PostgreSQL vs Oracle checksum 配置与性能

本文涉及的产品
云原生数据库 PolarDB MySQL 版,Serverless 5000PCU 100GB
云原生数据库 PolarDB 分布式版,标准版 2核8GB
云数据库 RDS MySQL Serverless,0.5-2RCU 50GB
简介:

标签

PostgreSQL , Oracle , checksum , IO错误


背景

开启数据库block checksum可以发现磁盘、存储、IO系统的问题引入一些的物理错误。

PostgreSQL checksum

在PostgreSQL中,默认强制对XLOG(WAL)开启了checksum,因此可以保证从redo buffer写入redo file里面的数据是一致的,读取的时候也会根据每个REDO PAGE的checksum检查REDO PAGE的内容是否正确。

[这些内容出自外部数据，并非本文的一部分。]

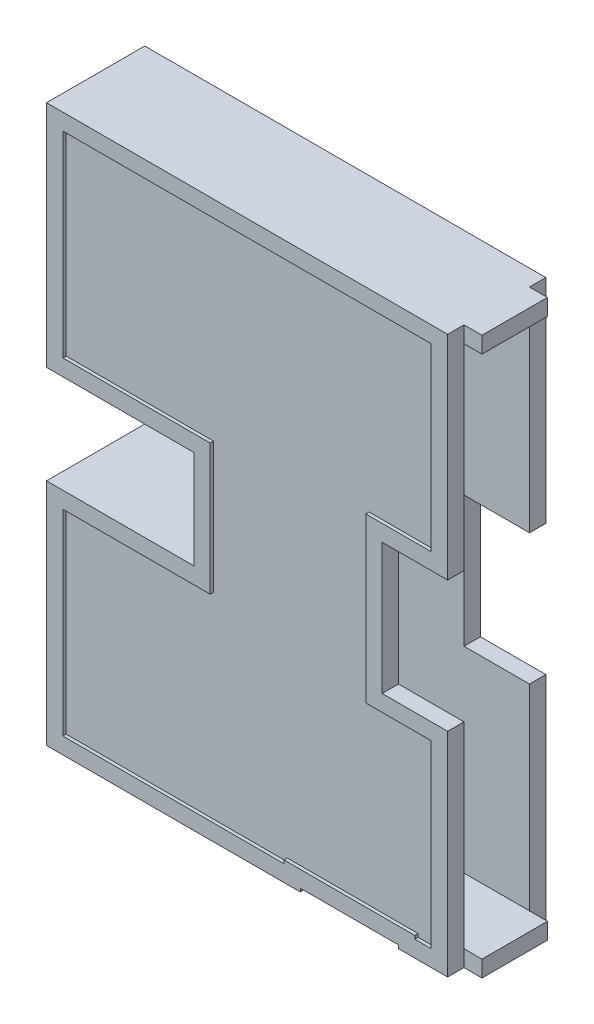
ISO-10303-21;
HEADER;
FILE_DESCRIPTION(('STEP AP214'),'2;1');
FILE_NAME('part.step','',(''),(''),'','','');
FILE_SCHEMA(('AUTOMOTIVE_DESIGN { 1 0 10303 214 1 1 1 1 }'));
ENDSEC;
DATA;
#1=APPLICATION_CONTEXT('core data for automotive mechanical design processes');
#2=APPLICATION_PROTOCOL_DEFINITION('international standard','automotive_design',2000,#1);
#3=PRODUCT_CONTEXT('',#1,'mechanical');
#4=PRODUCT('Part','Part','',(#3));
#5=PRODUCT_RELATED_PRODUCT_CATEGORY('part','',(#4));
#6=PRODUCT_DEFINITION_FORMATION('','',#4);
#7=PRODUCT_DEFINITION_CONTEXT('part definition',#1,'design');
#8=PRODUCT_DEFINITION('design','',#6,#7);
#9=PRODUCT_DEFINITION_SHAPE('','',#8);
#10=(LENGTH_UNIT() NAMED_UNIT(*) SI_UNIT(.MILLI.,.METRE.));
#11=(NAMED_UNIT(*) PLANE_ANGLE_UNIT() SI_UNIT($,.RADIAN.));
#12=(NAMED_UNIT(*) SI_UNIT($,.STERADIAN.) SOLID_ANGLE_UNIT());
#13=UNCERTAINTY_MEASURE_WITH_UNIT(LENGTH_MEASURE(1.E-05),#10,'distance_accuracy_value','');
#14=(GEOMETRIC_REPRESENTATION_CONTEXT(3) GLOBAL_UNCERTAINTY_ASSIGNED_CONTEXT((#13)) GLOBAL_UNIT_ASSIGNED_CONTEXT((#10,
#11,#12)) REPRESENTATION_CONTEXT('',''));
#15=CARTESIAN_POINT('',(0.,0.,0.));
#16=DIRECTION('',(0.,0.,1.));
#17=DIRECTION('',(1.,0.,0.));
#18=AXIS2_PLACEMENT_3D('',#15,#16,#17);
#19=CARTESIAN_POINT('',(122.50000000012,5.0000000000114,15.));
#20=DIRECTION('',(-1.,0.,0.));
#21=DIRECTION('',(0.,0.,1.));
#22=AXIS2_PLACEMENT_3D('',#19,#20,#21);
#23=PLANE('',#22);
#24=DIRECTION('',(0.,0.,-1.));
#25=VECTOR('',#24,1.);
#26=CARTESIAN_POINT('',(122.50000000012,65.0000000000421,15.));
#27=LINE('',#26,#25);
#28=CARTESIAN_POINT('',(122.50000000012,65.0000000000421,-10.));
#29=VERTEX_POINT('',#28);
#30=CARTESIAN_POINT('',(122.50000000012,65.0000000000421,-15.));
#31=VERTEX_POINT('',#30);
#32=EDGE_CURVE('E494',#29,#31,#27,.T.);
#33=ORIENTED_EDGE('',*,*,#32,.F.);
#34=DIRECTION('',(0.,-1.,0.));
#35=VECTOR('',#34,1.);
#36=CARTESIAN_POINT('',(122.50000000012,5.0000000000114,-10.));
#37=LINE('',#36,#35);
#38=CARTESIAN_POINT('',(122.50000000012,4.99999999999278,-10.));
#39=VERTEX_POINT('',#38);
#40=EDGE_CURVE('E562',#29,#39,#37,.T.);
#41=ORIENTED_EDGE('',*,*,#40,.T.);
#42=DIRECTION('',(0.,-1.,0.));
#43=VECTOR('',#42,1.);
#44=CARTESIAN_POINT('',(122.50000000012,170.000000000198,-10.));
#45=LINE('',#44,#43);
#46=CARTESIAN_POINT('',(122.50000000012,3.31712976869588E-13,-10.));
#47=VERTEX_POINT('',#46);
#48=EDGE_CURVE('E466',#39,#47,#45,.T.);
#49=ORIENTED_EDGE('',*,*,#48,.T.);
#50=DIRECTION('',(0.,0.,-1.));
#51=VECTOR('',#50,1.);
#52=CARTESIAN_POINT('',(122.50000000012,3.31712976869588E-13,-15.));
#53=LINE('',#52,#51);
#54=CARTESIAN_POINT('',(122.50000000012,3.31712976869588E-13,-15.));
#55=VERTEX_POINT('',#54);
#56=EDGE_CURVE('E456',#47,#55,#53,.T.);
#57=ORIENTED_EDGE('',*,*,#56,.T.);
#58=DIRECTION('',(0.,1.,0.));
#59=VECTOR('',#58,1.);
#60=CARTESIAN_POINT('',(122.50000000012,5.0000000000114,-15.));
#61=LINE('',#60,#59);
#62=EDGE_CURVE('E708',#55,#31,#61,.T.);
#63=ORIENTED_EDGE('',*,*,#62,.T.);
#64=EDGE_LOOP('',(#33,#41,#49,#57,#63));
#65=FACE_BOUND('',#64,.T.);
#66=ADVANCED_FACE('F33',(#65),#23,.F.);
#67=CARTESIAN_POINT('',(122.50000000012,65.0000000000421,15.));
#68=DIRECTION('',(0.,-1.,0.));
#69=DIRECTION('',(1.,0.,0.));
#70=AXIS2_PLACEMENT_3D('',#67,#68,#69);
#71=PLANE('',#70);
#72=DIRECTION('',(0.,0.,-1.));
#73=VECTOR('',#72,1.);
#74=CARTESIAN_POINT('',(102.50000000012,65.000000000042,15.));
#75=LINE('',#74,#73);
#76=CARTESIAN_POINT('',(102.50000000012,65.000000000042,-10.));
#77=VERTEX_POINT('',#76);
#78=CARTESIAN_POINT('',(102.50000000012,65.000000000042,-15.));
#79=VERTEX_POINT('',#78);
#80=EDGE_CURVE('E490',#77,#79,#75,.T.);
#81=ORIENTED_EDGE('',*,*,#80,.F.);
#82=DIRECTION('',(1.,0.,0.));
#83=VECTOR('',#82,1.);
#84=CARTESIAN_POINT('',(122.50000000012,65.0000000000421,-10.));
#85=LINE('',#84,#83);
#86=EDGE_CURVE('E559',#77,#29,#85,.T.);
#87=ORIENTED_EDGE('',*,*,#86,.T.);
#88=ORIENTED_EDGE('',*,*,#32,.T.);
#89=DIRECTION('',(-1.,0.,0.));
#90=VECTOR('',#89,1.);
#91=CARTESIAN_POINT('',(122.50000000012,65.0000000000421,-15.));
#92=LINE('',#91,#90);
#93=EDGE_CURVE('E705',#31,#79,#92,.T.);
#94=ORIENTED_EDGE('',*,*,#93,.T.);
#95=EDGE_LOOP('',(#81,#87,#88,#94));
#96=FACE_BOUND('',#95,.T.);
#97=ADVANCED_FACE('F922',(#96),#71,.F.);
#98=CARTESIAN_POINT('',(102.50000000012,65.000000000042,15.));
#99=DIRECTION('',(-1.,0.,0.));
#100=DIRECTION('',(0.,0.,1.));
#101=AXIS2_PLACEMENT_3D('',#98,#99,#100);
#102=PLANE('',#101);
#103=DIRECTION('',(0.,0.,-1.));
#104=VECTOR('',#103,1.);
#105=CARTESIAN_POINT('',(102.50000000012,105.000000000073,15.));
#106=LINE('',#105,#104);
#107=CARTESIAN_POINT('',(102.50000000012,105.000000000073,-10.));
#108=VERTEX_POINT('',#107);
#109=CARTESIAN_POINT('',(102.50000000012,105.000000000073,-15.));
#110=VERTEX_POINT('',#109);
#111=EDGE_CURVE('E486',#108,#110,#106,.T.);
#112=ORIENTED_EDGE('',*,*,#111,.F.);
#113=DIRECTION('',(0.,-1.,0.));
#114=VECTOR('',#113,1.);
#115=CARTESIAN_POINT('',(102.50000000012,65.000000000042,-10.));
#116=LINE('',#115,#114);
#117=EDGE_CURVE('E556',#108,#77,#116,.T.);
#118=ORIENTED_EDGE('',*,*,#117,.T.);
#119=ORIENTED_EDGE('',*,*,#80,.T.);
#120=DIRECTION('',(0.,1.,0.));
#121=VECTOR('',#120,1.);
#122=CARTESIAN_POINT('',(102.50000000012,65.000000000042,-15.));
#123=LINE('',#122,#121);
#124=EDGE_CURVE('E702',#79,#110,#123,.T.);
#125=ORIENTED_EDGE('',*,*,#124,.T.);
#126=EDGE_LOOP('',(#112,#118,#119,#125));
#127=FACE_BOUND('',#126,.T.);
#128=ADVANCED_FACE('F918',(#127),#102,.F.);
#129=CARTESIAN_POINT('',(102.50000000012,105.000000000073,15.));
#130=DIRECTION('',(0.,1.,0.));
#131=DIRECTION('',(0.,0.,1.));
#132=AXIS2_PLACEMENT_3D('',#129,#130,#131);
#133=PLANE('',#132);
#134=DIRECTION('',(0.,0.,-1.));
#135=VECTOR('',#134,1.);
#136=CARTESIAN_POINT('',(122.500000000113,105.000000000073,15.));
#137=LINE('',#136,#135);
#138=CARTESIAN_POINT('',(122.500000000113,105.000000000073,-10.));
#139=VERTEX_POINT('',#138);
#140=CARTESIAN_POINT('',(122.500000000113,105.000000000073,-15.));
#141=VERTEX_POINT('',#140);
#142=EDGE_CURVE('E476',#139,#141,#137,.T.);
#143=ORIENTED_EDGE('',*,*,#142,.F.);
#144=DIRECTION('',(-1.,0.,0.));
#145=VECTOR('',#144,1.);
#146=CARTESIAN_POINT('',(102.50000000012,105.000000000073,-10.));
#147=LINE('',#146,#145);
#148=EDGE_CURVE('E553',#139,#108,#147,.T.);
#149=ORIENTED_EDGE('',*,*,#148,.T.);
#150=ORIENTED_EDGE('',*,*,#111,.T.);
#151=DIRECTION('',(1.,0.,0.));
#152=VECTOR('',#151,1.);
#153=CARTESIAN_POINT('',(102.50000000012,105.000000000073,-15.));
#154=LINE('',#153,#152);
#155=EDGE_CURVE('E699',#110,#141,#154,.T.);
#156=ORIENTED_EDGE('',*,*,#155,.T.);
#157=EDGE_LOOP('',(#143,#149,#150,#156));
#158=FACE_BOUND('',#157,.T.);
#159=ADVANCED_FACE('F915',(#158),#133,.F.);
#160=CARTESIAN_POINT('',(122.500000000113,105.000000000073,15.));
#161=DIRECTION('',(-1.,0.,0.));
#162=DIRECTION('',(0.,-1.,0.));
#163=AXIS2_PLACEMENT_3D('',#160,#161,#162);
#164=PLANE('',#163);
#165=DIRECTION('',(0.,1.,0.));
#166=VECTOR('',#165,1.);
#167=CARTESIAN_POINT('',(122.500000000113,105.000000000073,-15.));
#168=LINE('',#167,#166);
#169=CARTESIAN_POINT('',(122.50000000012,170.000000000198,-15.));
#170=VERTEX_POINT('',#169);
#171=EDGE_CURVE('E697',#141,#170,#168,.T.);
#172=ORIENTED_EDGE('',*,*,#171,.T.);
#173=DIRECTION('',(0.,0.,-1.));
#174=VECTOR('',#173,1.);
#175=CARTESIAN_POINT('',(122.50000000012,170.000000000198,-15.));
#176=LINE('',#175,#174);
#177=CARTESIAN_POINT('',(122.50000000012,170.000000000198,-10.));
#178=VERTEX_POINT('',#177);
#179=EDGE_CURVE('E51',#178,#170,#176,.T.);
#180=ORIENTED_EDGE('',*,*,#179,.F.);
#181=CARTESIAN_POINT('',(122.50000000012,165.000000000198,-10.));
#182=VERTEX_POINT('',#181);
#183=EDGE_CURVE('E453',#178,#182,#45,.T.);
#184=ORIENTED_EDGE('',*,*,#183,.T.);
#185=DIRECTION('',(0.,-1.,0.));
#186=VECTOR('',#185,1.);
#187=CARTESIAN_POINT('',(122.500000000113,105.000000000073,-10.));
#188=LINE('',#187,#186);
#189=EDGE_CURVE('E550',#182,#139,#188,.T.);
#190=ORIENTED_EDGE('',*,*,#189,.T.);
#191=ORIENTED_EDGE('',*,*,#142,.T.);
#192=EDGE_LOOP('',(#172,#180,#184,#190,#191));
#193=FACE_BOUND('',#192,.T.);
#194=ADVANCED_FACE('F968',(#193),#164,.F.);
#195=CARTESIAN_POINT('',(0.,0.,-15.));
#196=DIRECTION('',(0.,0.,-1.));
#197=DIRECTION('',(1.,0.,0.));
#198=AXIS2_PLACEMENT_3D('',#195,#196,#197);
#199=PLANE('',#198);
#200=ORIENTED_EDGE('',*,*,#62,.F.);
#201=DIRECTION('',(1.,0.,0.));
#202=VECTOR('',#201,1.);
#203=CARTESIAN_POINT('',(107.500000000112,-7.21644966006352E-12,-15.));
#204=LINE('',#203,#202);
#205=CARTESIAN_POINT('',(107.500000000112,-7.21644966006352E-12,-15.));
#206=VERTEX_POINT('',#205);
#207=EDGE_CURVE('E711',#206,#55,#204,.T.);
#208=ORIENTED_EDGE('',*,*,#207,.F.);
#209=DIRECTION('',(3.06976666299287E-11,-1.,0.));
#210=VECTOR('',#209,1.);
#211=CARTESIAN_POINT('',(107.500000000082,1.00000000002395,-15.));
#212=LINE('',#211,#210);
#213=CARTESIAN_POINT('',(107.500000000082,1.00000000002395,-15.));
#214=VERTEX_POINT('',#213);
#215=EDGE_CURVE('E714',#214,#206,#212,.T.);
#216=ORIENTED_EDGE('',*,*,#215,.F.);
#217=DIRECTION('',(1.,0.,0.));
#218=VECTOR('',#217,1.);
#219=CARTESIAN_POINT('',(77.5000000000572,1.00000000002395,-15.));
#220=LINE('',#219,#218);
#221=CARTESIAN_POINT('',(77.5000000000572,1.00000000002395,-15.));
#222=VERTEX_POINT('',#221);
#223=EDGE_CURVE('E717',#222,#214,#220,.T.);
#224=ORIENTED_EDGE('',*,*,#223,.F.);
#225=DIRECTION('',(0.,1.,0.));
#226=VECTOR('',#225,1.);
#227=CARTESIAN_POINT('',(77.5000000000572,0.,-15.));
#228=LINE('',#227,#226);
#229=CARTESIAN_POINT('',(77.5000000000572,0.,-15.));
#230=VERTEX_POINT('',#229);
#231=EDGE_CURVE('E720',#230,#222,#228,.T.);
#232=ORIENTED_EDGE('',*,*,#231,.F.);
#233=DIRECTION('',(1.,0.,0.));
#234=VECTOR('',#233,1.);
#235=CARTESIAN_POINT('',(0.,0.,-15.));
#236=LINE('',#235,#234);
#237=CARTESIAN_POINT('',(0.,0.,-15.));
#238=VERTEX_POINT('',#237);
#239=EDGE_CURVE('E723',#238,#230,#236,.T.);
#240=ORIENTED_EDGE('',*,*,#239,.F.);
#241=DIRECTION('',(0.,-1.,0.));
#242=VECTOR('',#241,1.);
#243=CARTESIAN_POINT('',(0.,70.000000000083,-15.));
#244=LINE('',#243,#242);
#245=CARTESIAN_POINT('',(0.,70.000000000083,-15.));
#246=VERTEX_POINT('',#245);
#247=EDGE_CURVE('E650',#246,#238,#244,.T.);
#248=ORIENTED_EDGE('',*,*,#247,.F.);
#249=DIRECTION('',(-1.,0.,0.));
#250=VECTOR('',#249,1.);
#251=CARTESIAN_POINT('',(45.,70.000000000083,-15.));
#252=LINE('',#251,#250);
#253=CARTESIAN_POINT('',(45.,70.000000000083,-15.));
#254=VERTEX_POINT('',#253);
#255=EDGE_CURVE('E683',#254,#246,#252,.T.);
#256=ORIENTED_EDGE('',*,*,#255,.F.);
#257=DIRECTION('',(0.,-1.,0.));
#258=VECTOR('',#257,1.);
#259=CARTESIAN_POINT('',(45.,100.000000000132,-15.));
#260=LINE('',#259,#258);
#261=CARTESIAN_POINT('',(45.,100.000000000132,-15.));
#262=VERTEX_POINT('',#261);
#263=EDGE_CURVE('E686',#262,#254,#260,.T.);
#264=ORIENTED_EDGE('',*,*,#263,.F.);
#265=DIRECTION('',(1.,0.,0.));
#266=VECTOR('',#265,1.);
#267=CARTESIAN_POINT('',(0.,100.000000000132,-15.));
#268=LINE('',#267,#266);
#269=CARTESIAN_POINT('',(0.,100.000000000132,-15.));
#270=VERTEX_POINT('',#269);
#271=EDGE_CURVE('E689',#270,#262,#268,.T.);
#272=ORIENTED_EDGE('',*,*,#271,.F.);
#273=DIRECTION('',(0.,-1.,0.));
#274=VECTOR('',#273,1.);
#275=CARTESIAN_POINT('',(0.,170.000000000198,-15.));
#276=LINE('',#275,#274);
#277=CARTESIAN_POINT('',(0.,170.000000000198,-15.));
#278=VERTEX_POINT('',#277);
#279=EDGE_CURVE('E692',#278,#270,#276,.T.);
#280=ORIENTED_EDGE('',*,*,#279,.F.);
#281=DIRECTION('',(-1.,0.,0.));
#282=VECTOR('',#281,1.);
#283=CARTESIAN_POINT('',(128.00000000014,170.000000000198,-15.));
#284=LINE('',#283,#282);
#285=EDGE_CURVE('E695',#170,#278,#284,.T.);
#286=ORIENTED_EDGE('',*,*,#285,.F.);
#287=ORIENTED_EDGE('',*,*,#171,.F.);
#288=ORIENTED_EDGE('',*,*,#155,.F.);
#289=ORIENTED_EDGE('',*,*,#124,.F.);
#290=ORIENTED_EDGE('',*,*,#93,.F.);
#291=EDGE_LOOP('',(#200,#208,#216,#224,#232,#240,#248,#256,#264,#272,#280,#286,#287,#288,#289,#290));
#292=FACE_BOUND('',#291,.T.);
#293=DIRECTION('',(1.,0.,0.));
#294=VECTOR('',#293,1.);
#295=CARTESIAN_POINT('',(64.00000000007,105.000000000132,-15.));
#296=LINE('',#295,#294);
#297=CARTESIAN_POINT('',(5.,105.000000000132,-15.));
#298=VERTEX_POINT('',#297);
#299=CARTESIAN_POINT('',(50.,105.000000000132,-15.));
#300=VERTEX_POINT('',#299);
#301=EDGE_CURVE('E603',#298,#300,#296,.T.);
#302=ORIENTED_EDGE('',*,*,#301,.T.);
#303=DIRECTION('',(0.,-1.,0.));
#304=VECTOR('',#303,1.);
#305=CARTESIAN_POINT('',(50.,-80.6612691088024,-15.));
#306=LINE('',#305,#304);
#307=CARTESIAN_POINT('',(50.,65.000000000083,-15.));
#308=VERTEX_POINT('',#307);
#309=EDGE_CURVE('E565',#300,#308,#306,.T.);
#310=ORIENTED_EDGE('',*,*,#309,.T.);
#311=DIRECTION('',(-1.,0.,0.));
#312=VECTOR('',#311,1.);
#313=CARTESIAN_POINT('',(64.0000000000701,65.000000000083,-15.));
#314=LINE('',#313,#312);
#315=CARTESIAN_POINT('',(5.,65.000000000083,-15.));
#316=VERTEX_POINT('',#315);
#317=EDGE_CURVE('E570',#308,#316,#314,.T.);
#318=ORIENTED_EDGE('',*,*,#317,.T.);
#319=DIRECTION('',(0.,-1.,0.));
#320=VECTOR('',#319,1.);
#321=CARTESIAN_POINT('',(5.,-80.6612691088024,-15.));
#322=LINE('',#321,#320);
#323=CARTESIAN_POINT('',(5.,5.,-15.));
#324=VERTEX_POINT('',#323);
#325=EDGE_CURVE('E642',#316,#324,#322,.T.);
#326=ORIENTED_EDGE('',*,*,#325,.T.);
#327=DIRECTION('',(1.,0.,0.));
#328=VECTOR('',#327,1.);
#329=CARTESIAN_POINT('',(64.0000000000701,4.99999999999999,-15.));
#330=LINE('',#329,#328);
#331=CARTESIAN_POINT('',(72.5000000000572,4.99999999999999,-15.));
#332=VERTEX_POINT('',#331);
#333=EDGE_CURVE('E639',#324,#332,#330,.T.);
#334=ORIENTED_EDGE('',*,*,#333,.T.);
#335=DIRECTION('',(0.,1.,0.));
#336=VECTOR('',#335,1.);
#337=CARTESIAN_POINT('',(72.5000000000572,-80.6612691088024,-15.));
#338=LINE('',#337,#336);
#339=CARTESIAN_POINT('',(72.5000000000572,6.00000000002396,-15.));
#340=VERTEX_POINT('',#339);
#341=EDGE_CURVE('E636',#332,#340,#338,.T.);
#342=ORIENTED_EDGE('',*,*,#341,.T.);
#343=DIRECTION('',(1.,0.,0.));
#344=VECTOR('',#343,1.);
#345=CARTESIAN_POINT('',(64.0000000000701,6.00000000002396,-15.));
#346=LINE('',#345,#344);
#347=CARTESIAN_POINT('',(112.499999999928,6.00000000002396,-15.));
#348=VERTEX_POINT('',#347);
#349=EDGE_CURVE('E633',#340,#348,#346,.T.);
#350=ORIENTED_EDGE('',*,*,#349,.T.);
#351=DIRECTION('',(3.06976666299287E-11,-1.,0.));
#352=VECTOR('',#351,1.);
#353=CARTESIAN_POINT('',(112.500000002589,-80.6612691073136,-15.));
#354=LINE('',#353,#352);
#355=CARTESIAN_POINT('',(112.499999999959,4.99999999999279,-15.));
#356=VERTEX_POINT('',#355);
#357=EDGE_CURVE('E630',#348,#356,#354,.T.);
#358=ORIENTED_EDGE('',*,*,#357,.T.);
#359=DIRECTION('',(1.,0.,0.));
#360=VECTOR('',#359,1.);
#361=CARTESIAN_POINT('',(64.0000000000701,4.99999999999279,-15.));
#362=LINE('',#361,#360);
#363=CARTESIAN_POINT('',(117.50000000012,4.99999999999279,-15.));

(换言之没有参数来关闭WAL的checksum)

而对于DATAFILE,是否开启CHECKSUM则取决于initdb时配置的checksum参数。

initdb  
  
  -k, --data-checksums      use data page checksums  

通过pg_controldata检查当前数据库集群是否开启了checksum。

pg_controldata  
  
Data page checksum version:           0  

PostgreSQL 11 允许用户动态的修改checksum的开关,而不是初始化实例时固定:

《PostgreSQL 11 preview - Allow on-line enabling and disabling of data checksums (含pg_verify_checksums工具,离线检查数据文件有误块错误)》

Oracle checksum

Checksums allow Oracle to detect corruption caused by underlying disks, storage systems, or I/O systems.

If this parameter is set to OFF, DBWn calculates checksums only for the SYSTEM tablespace, but not for user tablespaces. In addition, no log checksum is performed when this parameter is set to OFF.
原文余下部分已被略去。